Edited February 4 by John Dow

[Glitch 3]

When setting the software to NOT do product updates  don't force to do those updates it is annoying and wrecked our test setups and will wreck production.  

[Marcos 5,259]

26 minutes ago, Glitch said:

When setting the software to NOT do product updates  don't force to do those updates it is annoying and wrecked our test setups and will wreck production.  

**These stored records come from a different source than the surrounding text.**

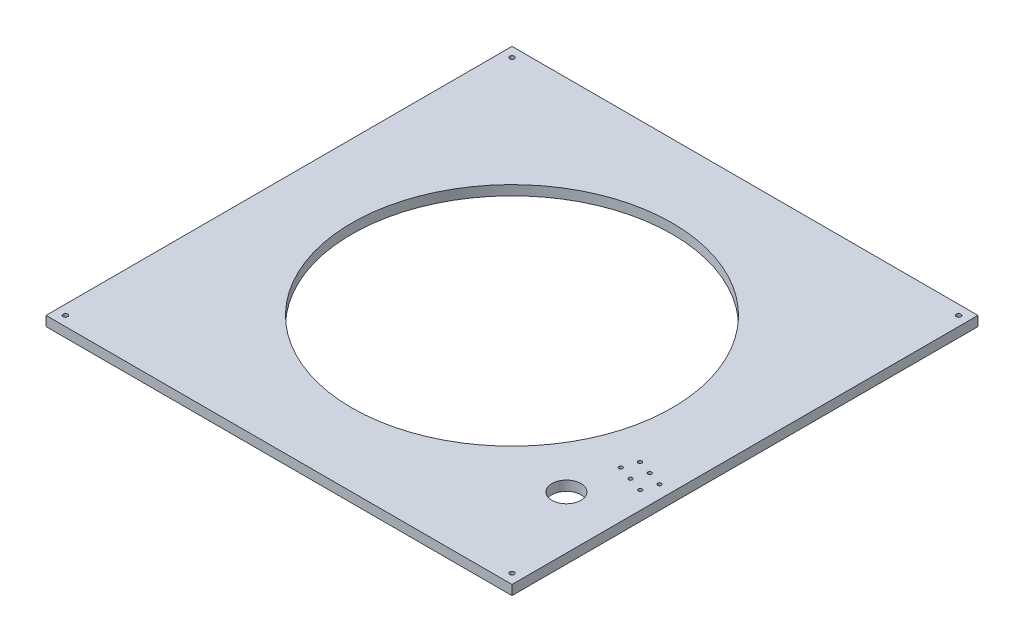
ISO-10303-21;
HEADER;
FILE_DESCRIPTION(('STEP AP214'),'2;1');
FILE_NAME('part.step','',(''),(''),'','','');
FILE_SCHEMA(('AUTOMOTIVE_DESIGN { 1 0 10303 214 1 1 1 1 }'));
ENDSEC;
DATA;
#1=APPLICATION_CONTEXT('core data for automotive mechanical design processes');
#2=APPLICATION_PROTOCOL_DEFINITION('international standard','automotive_design',2000,#1);
#3=PRODUCT_CONTEXT('',#1,'mechanical');
#4=PRODUCT('Part','Part','',(#3));
#5=PRODUCT_RELATED_PRODUCT_CATEGORY('part','',(#4));
#6=PRODUCT_DEFINITION_FORMATION('','',#4);
#7=PRODUCT_DEFINITION_CONTEXT('part definition',#1,'design');
#8=PRODUCT_DEFINITION('design','',#6,#7);
#9=PRODUCT_DEFINITION_SHAPE('','',#8);
#10=(LENGTH_UNIT() NAMED_UNIT(*) SI_UNIT(.MILLI.,.METRE.));
#11=(NAMED_UNIT(*) PLANE_ANGLE_UNIT() SI_UNIT($,.RADIAN.));
#12=(NAMED_UNIT(*) SI_UNIT($,.STERADIAN.) SOLID_ANGLE_UNIT());
#13=UNCERTAINTY_MEASURE_WITH_UNIT(LENGTH_MEASURE(1.E-05),#10,'distance_accuracy_value','');
#14=(GEOMETRIC_REPRESENTATION_CONTEXT(3) GLOBAL_UNCERTAINTY_ASSIGNED_CONTEXT((#13)) GLOBAL_UNIT_ASSIGNED_CONTEXT((#10,
#11,#12)) REPRESENTATION_CONTEXT('',''));
#15=CARTESIAN_POINT('',(0.,0.,0.));
#16=DIRECTION('',(0.,0.,1.));
#17=DIRECTION('',(1.,0.,0.));
#18=AXIS2_PLACEMENT_3D('',#15,#16,#17);
#19=CARTESIAN_POINT('',(-50.5057346041975,12.7,-44.459273419188));
#20=DIRECTION('',(1.,0.,0.));
#21=DIRECTION('',(0.,0.,-1.));
#22=AXIS2_PLACEMENT_3D('',#19,#20,#21);
#23=PLANE('',#22);
#24=DIRECTION('',(0.,0.,1.));
#25=VECTOR('',#24,1.);
#26=CARTESIAN_POINT('',(-50.5057346041975,0.,-44.459273419188));
#27=LINE('',#26,#25);
#28=CARTESIAN_POINT('',(-50.5057346041975,0.,-44.459273419188));
#29=VERTEX_POINT('',#28);
#30=CARTESIAN_POINT('',(-50.5057346041974,0.,565.140726580812));
#31=VERTEX_POINT('',#30);
#32=EDGE_CURVE('E93',#29,#31,#27,.T.);
#33=ORIENTED_EDGE('',*,*,#32,.T.);
#34=DIRECTION('',(0.,-1.,0.));
#35=VECTOR('',#34,1.);
#36=CARTESIAN_POINT('',(-50.5057346041974,12.7,565.140726580812));
#37=LINE('',#36,#35);
#38=CARTESIAN_POINT('',(-50.5057346041974,12.7,565.140726580812));
#39=VERTEX_POINT('',#38);
#40=EDGE_CURVE('E11',#39,#31,#37,.T.);
#41=ORIENTED_EDGE('',*,*,#40,.F.);
#42=DIRECTION('',(0.,0.,1.));
#43=VECTOR('',#42,1.);
#44=CARTESIAN_POINT('',(-50.5057346041975,12.7,-44.459273419188));
#45=LINE('',#44,#43);
#46=CARTESIAN_POINT('',(-50.5057346041975,12.7,-44.459273419188));
#47=VERTEX_POINT('',#46);
#48=EDGE_CURVE('E81',#47,#39,#45,.T.);
#49=ORIENTED_EDGE('',*,*,#48,.F.);
#50=DIRECTION('',(0.,-1.,0.));
#51=VECTOR('',#50,1.);
#52=CARTESIAN_POINT('',(-50.5057346041975,12.7,-44.459273419188));
#53=LINE('',#52,#51);
#54=EDGE_CURVE('E89',#47,#29,#53,.T.);
#55=ORIENTED_EDGE('',*,*,#54,.T.);
#56=EDGE_LOOP('',(#33,#41,#49,#55));
#57=FACE_BOUND('',#56,.T.);
#58=ADVANCED_FACE('F30',(#57),#23,.F.);
#59=CARTESIAN_POINT('',(-50.5057346041974,12.7,565.140726580812));
#60=DIRECTION('',(0.,0.,-1.));
#61=DIRECTION('',(-1.,0.,0.));
#62=AXIS2_PLACEMENT_3D('',#59,#60,#61);
#63=PLANE('',#62);
#64=DIRECTION('',(1.,0.,0.));
#65=VECTOR('',#64,1.);
#66=CARTESIAN_POINT('',(-50.5057346041974,0.,565.140726580812));
#67=LINE('',#66,#65);
#68=CARTESIAN_POINT('',(559.094265395803,0.,565.140726580812));
#69=VERTEX_POINT('',#68);
#70=EDGE_CURVE('E85',#31,#69,#67,.T.);
#71=ORIENTED_EDGE('',*,*,#70,.T.);
#72=DIRECTION('',(0.,-1.,0.));
#73=VECTOR('',#72,1.);
#74=CARTESIAN_POINT('',(559.094265395803,12.7,565.140726580812));
#75=LINE('',#74,#73);
#76=CARTESIAN_POINT('',(559.094265395803,12.7,565.140726580812));
#77=VERTEX_POINT('',#76);
#78=EDGE_CURVE('E38',#77,#69,#75,.T.);
#79=ORIENTED_EDGE('',*,*,#78,.F.);
#80=DIRECTION('',(1.,0.,0.));
#81=VECTOR('',#80,1.);
#82=CARTESIAN_POINT('',(-50.5057346041974,12.7,565.140726580812));
#83=LINE('',#82,#81);
#84=EDGE_CURVE('E76',#39,#77,#83,.T.);
#85=ORIENTED_EDGE('',*,*,#84,.F.);
#86=ORIENTED_EDGE('',*,*,#40,.T.);
#87=EDGE_LOOP('',(#71,#79,#85,#86));
#88=FACE_BOUND('',#87,.T.);
#89=ADVANCED_FACE('F84',(#88),#63,.F.);
#90=CARTESIAN_POINT('',(559.094265395802,12.7,-44.459273419188));
#91=DIRECTION('',(-1.,0.,0.));
#92=DIRECTION('',(0.,0.,1.));
#93=AXIS2_PLACEMENT_3D('',#90,#91,#92);
#94=PLANE('',#93);
#95=DIRECTION('',(0.,0.,-1.));
#96=VECTOR('',#95,1.);
#97=CARTESIAN_POINT('',(559.094265395802,0.,-44.459273419188));
#98=LINE('',#97,#96);
#99=CARTESIAN_POINT('',(559.094265395802,0.,-44.459273419188));
#100=VERTEX_POINT('',#99);
#101=EDGE_CURVE('E63',#69,#100,#98,.T.);
#102=ORIENTED_EDGE('',*,*,#101,.T.);
#103=DIRECTION('',(0.,-1.,0.));
#104=VECTOR('',#103,1.);
#105=CARTESIAN_POINT('',(559.094265395802,12.7,-44.459273419188));
#106=LINE('',#105,#104);
#107=CARTESIAN_POINT('',(559.094265395802,12.7,-44.459273419188));
#108=VERTEX_POINT('',#107);
#109=EDGE_CURVE('E86',#108,#100,#106,.T.);
#110=ORIENTED_EDGE('',*,*,#109,.F.);
#111=DIRECTION('',(0.,0.,-1.));
#112=VECTOR('',#111,1.);
#113=CARTESIAN_POINT('',(559.094265395802,12.7,-44.459273419188));
#114=LINE('',#113,#112);
#115=EDGE_CURVE('E79',#77,#108,#114,.T.);
#116=ORIENTED_EDGE('',*,*,#115,.F.);
#117=ORIENTED_EDGE('',*,*,#78,.T.);
#118=EDGE_LOOP('',(#102,#110,#116,#117));
#119=FACE_BOUND('',#118,.T.);
#120=ADVANCED_FACE('F87',(#119),#94,.F.);
#121=CARTESIAN_POINT('',(-50.5057346041975,12.7,-44.459273419188));
#122=DIRECTION('',(0.,0.,1.));
#123=DIRECTION('',(1.,0.,0.));
#124=AXIS2_PLACEMENT_3D('',#121,#122,#123);
#125=PLANE('',#124);
#126=DIRECTION('',(-1.,0.,0.));
#127=VECTOR('',#126,1.);
#128=CARTESIAN_POINT('',(-50.5057346041975,0.,-44.459273419188));
#129=LINE('',#128,#127);
#130=EDGE_CURVE('E69',#100,#29,#129,.T.);
#131=ORIENTED_EDGE('',*,*,#130,.T.);
#132=ORIENTED_EDGE('',*,*,#54,.F.);
#133=DIRECTION('',(-1.,0.,0.));
#134=VECTOR('',#133,1.);
#135=CARTESIAN_POINT('',(-50.5057346041975,12.7,-44.459273419188));
#136=LINE('',#135,#134);
#137=EDGE_CURVE('E46',#108,#47,#136,.T.);
#138=ORIENTED_EDGE('',*,*,#137,.F.);
#139=ORIENTED_EDGE('',*,*,#109,.T.);
#140=EDGE_LOOP('',(#131,#132,#138,#139));
#141=FACE_BOUND('',#140,.T.);
#142=ADVANCED_FACE('F101',(#141),#125,.F.);
#143=CARTESIAN_POINT('',(-50.5057346041974,12.7,565.140726580812));
#144=DIRECTION('',(0.,1.,0.));
#145=DIRECTION('',(0.,0.,1.));
#146=AXIS2_PLACEMENT_3D('',#143,#144,#145);
#147=PLANE('',#146);
#148=CARTESIAN_POINT('',(546.394265395803,12.7,-31.759273419188));
#149=DIRECTION('',(0.,1.,0.));
#150=DIRECTION('',(0.,0.,1.));
#151=AXIS2_PLACEMENT_3D('',#148,#149,#150);
#152=CIRCLE('',#151,3.00000000000005);
#153=CARTESIAN_POINT('',(546.394265395803,12.7,-28.7592734191879));
#154=VERTEX_POINT('',#153);
#155=EDGE_CURVE('E173',#154,#154,#152,.T.);
#156=ORIENTED_EDGE('',*,*,#155,.F.);
#157=EDGE_LOOP('',(#156));
#158=FACE_BOUND('',#157,.T.);
#159=CARTESIAN_POINT('',(-37.8057346041975,12.7,-31.759273419188));
#160=DIRECTION('',(0.,1.,0.));
#161=DIRECTION('',(0.,0.,1.));
#162=AXIS2_PLACEMENT_3D('',#159,#160,#161);
#163=CIRCLE('',#162,3.);
#164=CARTESIAN_POINT('',(-37.8057346041975,12.7,-28.759273419188));
#165=VERTEX_POINT('',#164);
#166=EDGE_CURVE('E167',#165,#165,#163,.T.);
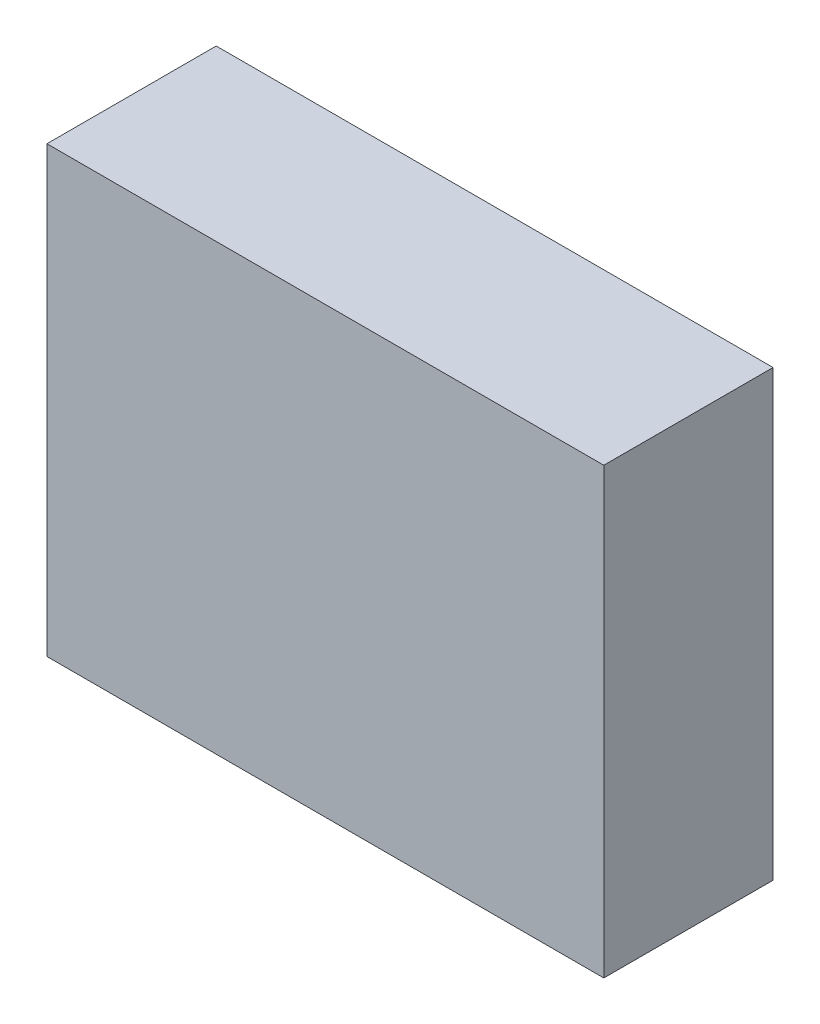
ISO-10303-21;
HEADER;
FILE_DESCRIPTION(('STEP AP214'),'2;1');
FILE_NAME('part.step','',(''),(''),'','','');
FILE_SCHEMA(('AUTOMOTIVE_DESIGN { 1 0 10303 214 1 1 1 1 }'));
ENDSEC;
DATA;
#1=APPLICATION_CONTEXT('core data for automotive mechanical design processes');
#2=APPLICATION_PROTOCOL_DEFINITION('international standard','automotive_design',2000,#1);
#3=PRODUCT_CONTEXT('',#1,'mechanical');
#4=PRODUCT('Part','Part','',(#3));
#5=PRODUCT_RELATED_PRODUCT_CATEGORY('part','',(#4));
#6=PRODUCT_DEFINITION_FORMATION('','',#4);
#7=PRODUCT_DEFINITION_CONTEXT('part definition',#1,'design');
#8=PRODUCT_DEFINITION('design','',#6,#7);
#9=PRODUCT_DEFINITION_SHAPE('','',#8);
#10=(LENGTH_UNIT() NAMED_UNIT(*) SI_UNIT(.MILLI.,.METRE.));
#11=(NAMED_UNIT(*) PLANE_ANGLE_UNIT() SI_UNIT($,.RADIAN.));
#12=(NAMED_UNIT(*) SI_UNIT($,.STERADIAN.) SOLID_ANGLE_UNIT());
#13=UNCERTAINTY_MEASURE_WITH_UNIT(LENGTH_MEASURE(1.E-05),#10,'distance_accuracy_value','');
#14=(GEOMETRIC_REPRESENTATION_CONTEXT(3) GLOBAL_UNCERTAINTY_ASSIGNED_CONTEXT((#13)) GLOBAL_UNIT_ASSIGNED_CONTEXT((#10,
#11,#12)) REPRESENTATION_CONTEXT('',''));
#15=CARTESIAN_POINT('',(0.,0.,0.));
#16=DIRECTION('',(0.,0.,1.));
#17=DIRECTION('',(1.,0.,0.));
#18=AXIS2_PLACEMENT_3D('',#15,#16,#17);
#19=CARTESIAN_POINT('',(-1.0033,-0.8001,0.61));
#20=DIRECTION('',(0.,0.,-1.));
#21=DIRECTION('',(-1.,0.,0.));
#22=AXIS2_PLACEMENT_3D('',#19,#20,#21);
#23=PLANE('',#22);
#24=DIRECTION('',(0.,1.,0.));
#25=VECTOR('',#24,1.);
#26=CARTESIAN_POINT('',(1.0033,-0.8001,0.61));
#27=LINE('',#26,#25);
#28=CARTESIAN_POINT('',(1.0033,-0.8001,0.61));
#29=VERTEX_POINT('',#28);
#30=CARTESIAN_POINT('',(1.0033,0.8001,0.61));
#31=VERTEX_POINT('',#30);
#32=EDGE_CURVE('E54',#29,#31,#27,.T.);
#33=ORIENTED_EDGE('',*,*,#32,.T.);
#34=DIRECTION('',(1.,0.,0.));
#35=VECTOR('',#34,1.);
#36=CARTESIAN_POINT('',(1.0033,0.8001,0.61));
#37=LINE('',#36,#35);
#38=CARTESIAN_POINT('',(-1.0033,0.8001,0.61));
#39=VERTEX_POINT('',#38);
#40=EDGE_CURVE('E56',#31,#39,#37,.F.);
#41=ORIENTED_EDGE('',*,*,#40,.T.);
#42=DIRECTION('',(0.,1.,0.));
#43=VECTOR('',#42,1.);
#44=CARTESIAN_POINT('',(-1.0033,0.8001,0.61));
#45=LINE('',#44,#43);
#46=CARTESIAN_POINT('',(-1.0033,-0.8001,0.61));
#47=VERTEX_POINT('',#46);
#48=EDGE_CURVE('E19',#39,#47,#45,.F.);
#49=ORIENTED_EDGE('',*,*,#48,.T.);
#50=DIRECTION('',(1.,0.,0.));
#51=VECTOR('',#50,1.);
#52=CARTESIAN_POINT('',(-1.0033,-0.8001,0.61));
#53=LINE('',#52,#51);
#54=EDGE_CURVE('E79',#47,#29,#53,.T.);
#55=ORIENTED_EDGE('',*,*,#54,.T.);
#56=EDGE_LOOP('',(#33,#41,#49,#55));
#57=FACE_BOUND('',#56,.T.);
#58=ADVANCED_FACE('F16',(#57),#23,.F.);
#59=CARTESIAN_POINT('',(-1.0033,0.8001,0.));
#60=DIRECTION('',(1.,0.,0.));
#61=DIRECTION('',(0.,0.,-1.));
#62=AXIS2_PLACEMENT_3D('',#59,#60,#61);
#63=PLANE('',#62);
#64=DIRECTION('',(0.,0.,1.));
#65=VECTOR('',#64,1.);
#66=CARTESIAN_POINT('',(-1.0033,-0.8001,0.));
#67=LINE('',#66,#65);
#68=CARTESIAN_POINT('',(-1.0033,-0.8001,0.));
#69=VERTEX_POINT('',#68);
#70=EDGE_CURVE('E67',#69,#47,#67,.T.);
#71=ORIENTED_EDGE('',*,*,#70,.T.);
#72=ORIENTED_EDGE('',*,*,#48,.F.);
#73=DIRECTION('',(0.,0.,-1.));
#74=VECTOR('',#73,1.);
#75=CARTESIAN_POINT('',(-1.0033,0.8001,0.));
#76=LINE('',#75,#74);
#77=CARTESIAN_POINT('',(-1.0033,0.8001,0.));
#78=VERTEX_POINT('',#77);
#79=EDGE_CURVE('E62',#39,#78,#76,.T.);
#80=ORIENTED_EDGE('',*,*,#79,.T.);
#81=DIRECTION('',(0.,1.,0.));
#82=VECTOR('',#81,1.);
#83=CARTESIAN_POINT('',(-1.0033,-0.8001,0.));
#84=LINE('',#83,#82);
#85=EDGE_CURVE('E82',#69,#78,#84,.T.);
#86=ORIENTED_EDGE('',*,*,#85,.F.);
#87=EDGE_LOOP('',(#71,#72,#80,#86));
#88=FACE_BOUND('',#87,.T.);
#89=ADVANCED_FACE('F64',(#88),#63,.F.);
#90=CARTESIAN_POINT('',(1.0033,0.8001,0.));
#91=DIRECTION('',(0.,-1.,0.));
#92=DIRECTION('',(0.,0.,-1.));
#93=AXIS2_PLACEMENT_3D('',#90,#91,#92);
#94=PLANE('',#93);
#95=ORIENTED_EDGE('',*,*,#79,.F.);
#96=ORIENTED_EDGE('',*,*,#40,.F.);
#97=DIRECTION('',(0.,0.,1.));
#98=VECTOR('',#97,1.);
#99=CARTESIAN_POINT('',(1.0033,0.8001,0.));
#100=LINE('',#99,#98);
#101=CARTESIAN_POINT('',(1.0033,0.8001,0.));
#102=VERTEX_POINT('',#101);
#103=EDGE_CURVE('E74',#31,#102,#100,.F.);
#104=ORIENTED_EDGE('',*,*,#103,.T.);
#105=DIRECTION('',(-1.,0.,0.));
#106=VECTOR('',#105,1.);
#107=CARTESIAN_POINT('',(-1.0033,0.8001,0.));
#108=LINE('',#107,#106);
#109=EDGE_CURVE('E71',#78,#102,#108,.F.);
#110=ORIENTED_EDGE('',*,*,#109,.F.);
#111=EDGE_LOOP('',(#95,#96,#104,#110));
#112=FACE_BOUND('',#111,.T.);
#113=ADVANCED_FACE('F69',(#112),#94,.F.);
#114=CARTESIAN_POINT('',(1.0033,-0.8001,0.));
#115=DIRECTION('',(-1.,0.,0.));
#116=DIRECTION('',(0.,0.,1.));
#117=AXIS2_PLACEMENT_3D('',#114,#115,#116);
#118=PLANE('',#117);
#119=ORIENTED_EDGE('',*,*,#103,.F.);
#120=ORIENTED_EDGE('',*,*,#32,.F.);
#121=DIRECTION('',(0.,0.,1.));
#122=VECTOR('',#121,1.);
#123=CARTESIAN_POINT('',(1.0033,-0.8001,0.));
#124=LINE('',#123,#122);
#125=CARTESIAN_POINT('',(1.0033,-0.8001,0.));
#126=VERTEX_POINT('',#125);
#127=EDGE_CURVE('E34',#29,#126,#124,.F.);
#128=ORIENTED_EDGE('',*,*,#127,.T.);
#129=DIRECTION('',(0.,1.,0.));
#130=VECTOR('',#129,1.);
#131=CARTESIAN_POINT('',(1.0033,-0.8001,0.));
#132=LINE('',#131,#130);
#133=EDGE_CURVE('E25',#102,#126,#132,.F.);
#134=ORIENTED_EDGE('',*,*,#133,.F.);
#135=EDGE_LOOP('',(#119,#120,#128,#134));
#136=FACE_BOUND('',#135,.T.);
#137=ADVANCED_FACE('F88',(#136),#118,.F.);
#138=CARTESIAN_POINT('',(-1.0033,-0.8001,0.));
#139=DIRECTION('',(0.,1.,0.));
#140=DIRECTION('',(0.,0.,1.));
#141=AXIS2_PLACEMENT_3D('',#138,#139,#140);
#142=PLANE('',#141);
#143=ORIENTED_EDGE('',*,*,#127,.F.);
#144=ORIENTED_EDGE('',*,*,#54,.F.);
#145=ORIENTED_EDGE('',*,*,#70,.F.);
#146=DIRECTION('',(-1.,0.,0.));
#147=VECTOR('',#146,1.);
#148=CARTESIAN_POINT('',(-1.0033,-0.8001,0.));
#149=LINE('',#148,#147);
#150=EDGE_CURVE('E10',#126,#69,#149,.T.);
#151=ORIENTED_EDGE('',*,*,#150,.F.);
#152=EDGE_LOOP('',(#143,#144,#145,#151));
#153=FACE_BOUND('',#152,.T.);
#154=ADVANCED_FACE('F90',(#153),#142,.F.);
#155=CARTESIAN_POINT('',(-1.0033,-0.8001,0.));
#156=DIRECTION('',(0.,0.,-1.));
#157=DIRECTION('',(-1.,0.,0.));
#158=AXIS2_PLACEMENT_3D('',#155,#156,#157);
#159=PLANE('',#158);
#160=ORIENTED_EDGE('',*,*,#133,.T.);
#161=ORIENTED_EDGE('',*,*,#150,.T.);
#162=ORIENTED_EDGE('',*,*,#85,.T.);
#163=ORIENTED_EDGE('',*,*,#109,.T.);
#164=EDGE_LOOP('',(#160,#161,#162,#163));
#165=FACE_BOUND('',#164,.T.);
#166=ADVANCED_FACE('F87',(#165),#159,.T.);
#167=CLOSED_SHELL('',(#58,#89,#113,#137,#154,#166));
#168=MANIFOLD_SOLID_BREP('B1',#167);
#169=ADVANCED_BREP_SHAPE_REPRESENTATION('',(#18,#168),#14);
#170=SHAPE_DEFINITION_REPRESENTATION(#9,#169);
ENDSEC;
END-ISO-10303-21;

It is possible to disable application feature updates in the advanced setup. This won't work for security and stability updates as well as when the product goes EOL and there's a risk that module updates for your product version will be terminated which would expose your computer at risk.

[Glitch 3]

8 minutes ago, Marcos said:

It is possible to disable application feature updates in the advanced setup. This won't work for security and stability updates as well as when the product goes EOL and there's a risk that module updates for your product version will be terminated which would expose your computer at risk.

Exactly off is off and not force it. For example the update of windows server 2012 for example if you forced that it would have wrecked our environment. ESET should learn to in some cases those updates should not be allowed and that is why customers turn it off. Now it is like it is off but when we think it should be on it will be on.